His gaze held enough contempt to drown me. “Derek can handle himself. I don’t tolerate loss of control. He’s been tested and he won’t lose his way when he smells the blood. In your place, I’d worry more about your own ass.”

“Well, you’re not in my place.” I rose to my feet. Time to go.

We walked back to the room, where Curran said a few words to Mahon and left. Mahon approached me. “I’ll show you out. Derek’ll meet us at the entrance.”

“Please make sure he takes a shower,” I said. “Lots and lots of Irish Spring. I don’t want the People smelling blood or wolf on him.”

Mahon led me a different way, through the maze of dim passages and branching tunnels that brought us to a wooden door. Mahon leaned his palm against it and it swung open.

“Curran wanted you to see this before you left,” he said.

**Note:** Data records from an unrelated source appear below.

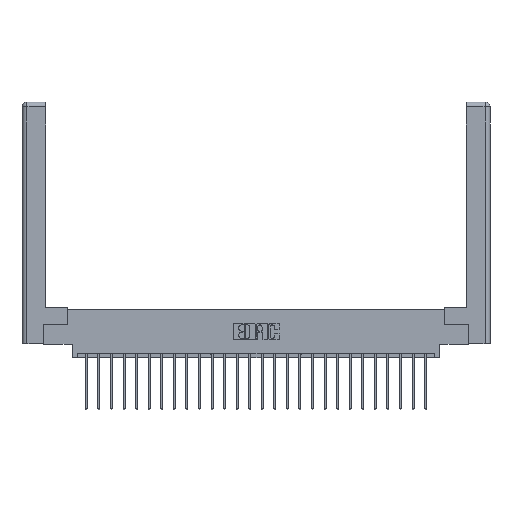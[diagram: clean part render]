
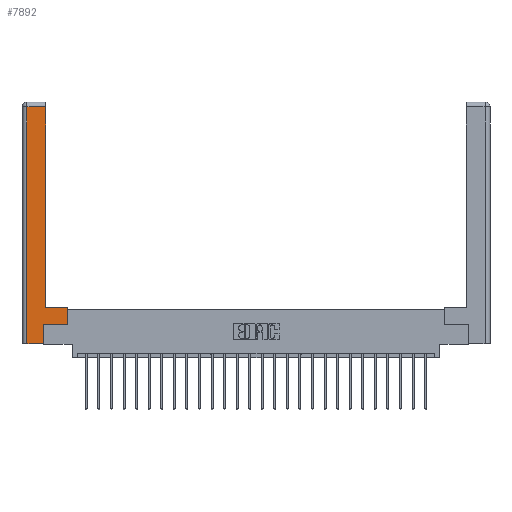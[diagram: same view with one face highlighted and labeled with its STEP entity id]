
A CAD part, top view. The second image highlights one B-rep face of the part: STEP entity #7892.
In plain terms, the highlighted planar face has unit normal (0, 0, 1).
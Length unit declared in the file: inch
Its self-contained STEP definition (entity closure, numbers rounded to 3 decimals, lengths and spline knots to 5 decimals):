
#129 = VECTOR ( 'NONE', #10155, 39.37008 ) ;
#298 = VERTEX_POINT ( 'NONE', #1023 ) ;
#377 = VECTOR ( 'NONE', #16266, 39.37008 ) ;
#504 = CARTESIAN_POINT ( 'NONE',  ( 0.295, 0.45, 0. ) ) ;
#932 = DIRECTION ( 'NONE',  ( 1., 0., 0. ) ) ;
#964 = DIRECTION ( 'NONE',  ( 1., 0., 0. ) ) ;
#1023 = CARTESIAN_POINT ( 'NONE',  ( 0.565, 0.245, 0. ) ) ;
#1202 = VECTOR ( 'NONE', #964, 39.37008 ) ;
#1464 = FACE_OUTER_BOUND ( 'NONE', #13338, .T. ) ;
#1523 = CARTESIAN_POINT ( 'NONE',  ( 0.295, 2.94, 0. ) ) ;
#1764 = VERTEX_POINT ( 'NONE', #23637 ) ;
#1987 = EDGE_CURVE ( 'NONE', #4598, #22615, #16367, .T. ) ;
#2951 = LINE ( 'NONE', #18261, #129 ) ;
#4598 = VERTEX_POINT ( 'NONE', #504 ) ;
#4826 = ORIENTED_EDGE ( 'NONE', *, *, #24903, .T. ) ;
#5138 = EDGE_CURVE ( 'NONE', #13540, #10791, #15281, .T. ) ;
#5182 = LINE ( 'NONE', #15343, #7731 ) ;
#5396 = CARTESIAN_POINT ( 'NONE',  ( 0.0615, 2.94, 0. ) ) ;
#7731 = VECTOR ( 'NONE', #932, 39.37008 ) ;
#7892 = ADVANCED_FACE ( 'NONE', ( #1464 ), #26031, .F. ) ;
#8048 = DIRECTION ( 'NONE',  ( 0., 1., 0. ) ) ;
#8548 = DIRECTION ( 'NONE',  ( 0., 0., -1. ) ) ;
#9258 = LINE ( 'NONE', #14224, #377 ) ;
#9481 = DIRECTION ( 'NONE',  ( -1., 0., 0. ) ) ;
#10155 = DIRECTION ( 'NONE',  ( 0., -1., 0. ) ) ;
#10300 = VECTOR ( 'NONE', #8048, 39.37008 ) ;
#10791 = VERTEX_POINT ( 'NONE', #21172 ) ;
#11776 = VECTOR ( 'NONE', #22174, 39.37008 ) ;
#11961 = VECTOR ( 'NONE', #25441, 39.37008 ) ;
#11969 = VERTEX_POINT ( 'NONE', #19261 ) ;
#12042 = ORIENTED_EDGE ( 'NONE', *, *, #26000, .T. ) ;
#12096 = CARTESIAN_POINT ( 'NONE',  ( 0.295, 3., 0. ) ) ;
#12548 = ORIENTED_EDGE ( 'NONE', *, *, #1987, .T. ) ;
#13338 = EDGE_LOOP ( 'NONE', ( #12548, #18066, #20250, #12042, #24598, #20598, #4826, #26020 ) ) ;
#13540 = VERTEX_POINT ( 'NONE', #19562 ) ;
#13915 = EDGE_CURVE ( 'NONE', #10791, #298, #13944, .T. ) ;
#13944 = LINE ( 'NONE', #25064, #1202 ) ;
#14224 = CARTESIAN_POINT ( 'NONE',  ( 0.295, 0.45, 0. ) ) ;
#14632 = EDGE_CURVE ( 'NONE', #22615, #1764, #26293, .T. ) ;
#14956 = CARTESIAN_POINT ( 'NONE',  ( 0.565, 0.45, 0. ) ) ;
#15281 = LINE ( 'NONE', #22257, #11776 ) ;
#15343 = CARTESIAN_POINT ( 'NONE',  ( 0.265, 0., 0. ) ) ;
#16112 = VECTOR ( 'NONE', #9481, 39.37008 ) ;
#16266 = DIRECTION ( 'NONE',  ( -1., 0., 0. ) ) ;
#16367 = LINE ( 'NONE', #12096, #10300 ) ;
#17189 = CARTESIAN_POINT ( 'NONE',  ( 0.565, 0.45, 0. ) ) ;
#18066 = ORIENTED_EDGE ( 'NONE', *, *, #14632, .T. ) ;
#18261 = CARTESIAN_POINT ( 'NONE',  ( 0.0615, 0., 0. ) ) ;
#18473 = EDGE_CURVE ( 'NONE', #1764, #11969, #2951, .T. ) ;
#19261 = CARTESIAN_POINT ( 'NONE',  ( 0.0615, 0., 0. ) ) ;
#19562 = CARTESIAN_POINT ( 'NONE',  ( 0.265, 0., 0. ) ) ;
#20184 = EDGE_CURVE ( 'NONE', #22266, #4598, #9258, .T. ) ;
#20250 = ORIENTED_EDGE ( 'NONE', *, *, #18473, .T. ) ;
#20385 = CARTESIAN_POINT ( 'NONE',  ( 0., 0., 0. ) ) ;
#20598 = ORIENTED_EDGE ( 'NONE', *, *, #13915, .T. ) ;
#20929 = DIRECTION ( 'NONE',  ( -1., 0., 0. ) ) ;
#21172 = CARTESIAN_POINT ( 'NONE',  ( 0.265, 0.245, 0. ) ) ;
#22174 = DIRECTION ( 'NONE',  ( 0., 1., 0. ) ) ;
#22257 = CARTESIAN_POINT ( 'NONE',  ( 0.265, 0.245, 0. ) ) ;
#22266 = VERTEX_POINT ( 'NONE', #17189 ) ;
#22615 = VERTEX_POINT ( 'NONE', #1523 ) ;
#23637 = CARTESIAN_POINT ( 'NONE',  ( 0.0615, 2.94, 0. ) ) ;
#24057 = LINE ( 'NONE', #14956, #11961 ) ;
#24598 = ORIENTED_EDGE ( 'NONE', *, *, #5138, .T. ) ;
#24680 = AXIS2_PLACEMENT_3D ( 'NONE', #20385, #8548, #20929 ) ;
#24903 = EDGE_CURVE ( 'NONE', #298, #22266, #24057, .T. ) ;
#25064 = CARTESIAN_POINT ( 'NONE',  ( 0.565, 0.245, 0. ) ) ;
#25441 = DIRECTION ( 'NONE',  ( 0., 1., 0. ) ) ;
#26000 = EDGE_CURVE ( 'NONE', #11969, #13540, #5182, .T. ) ;
#26020 = ORIENTED_EDGE ( 'NONE', *, *, #20184, .T. ) ;
#26031 = PLANE ( 'NONE',  #24680 ) ;
#26293 = LINE ( 'NONE', #5396, #16112 ) ;

In the room, on a simple metal table under a glass hood laced with preserving spells, lay the head of Sam Buchanan.





CHAPTER 5




BETSI WOULD NOT START. A WERERAT MECHANIC took one look under the hood, mumbled something about the alternator, and pointed me toward the stables.

Before we left, I popped Betsi’s trunk, untied the strings holding the long oiled-leather roll and pulled it open, displaying swords and daggers secured in leather loops. The moonlight silvered the blades.

“Wow,” Derek said.

Men and swords. My father said that if you put any able-bodied man, no matter how peaceful, into a room with a sword and a practice dummy and leave him alone, eventually the man would pick up the sword and try to stab the dummy. It is human nature. This young wolf was no different.

“Choose a weapon.”

“Whatever I want?”

“Whatever you want.”

He examined the row of cutlery, his face thoughtful. I thought he’d go for a leaf blade, but he ignored it and his fingers strayed toward Bor instead. It was a good sword, especially for a beginner, with a thirty-two-inch blade and an ash-sheathed hilt just under eight inches long. It had a straight steel guard with sharp tips pointing downward and a no-nonsense steel pommel. Like all weapons I owned, it had a superb balance.

Derek held it upright.

“It’s light!” he said. “I went to a sword fair once, and the swords there were way heavier.”

“There is a difference between a sword and a swordlike object,” I said. “What you saw at the sword fair were mostly reasonable imitations. They are pretty and heavy and they make you slower than a slug on vacation. This one only weighs two pounds.”

Derek swung the sword in a practice slash.

“It’s a working sword,” I said. “It won’t break and it doesn’t send a lot of vibration back to your hand when you strike a target.”

“I like it,” he said.

“It’s yours.”

“Thanks.”

I grabbed my utility bag and we were ready to go. Derek made some sniffing noises at the bag. “I smell gasoline.”

“You smell right,” I told him and left it at that. Explaining that I carried a large canteen filled with gasoline in my bag in case I spilled some of my blood and had to clean it up in a hurry would’ve been too complicated.



THE PACK LENT ME A MARE. HER NAME WAS FRAU. The stable master swore that while she wasn’t the swiftest beast in the stables, she was obedient, strong, and steady as the rock of Gibraltar. So far, I had no reason to doubt him.

Derek’s dun gelding was perfectly content to let Frau take the lead. The kid rode with the stiffness of a moderately trained rider who had never got quite comfortable with horses. Some shapechangers rode like they were centaurs. Derek wasn’t one of them.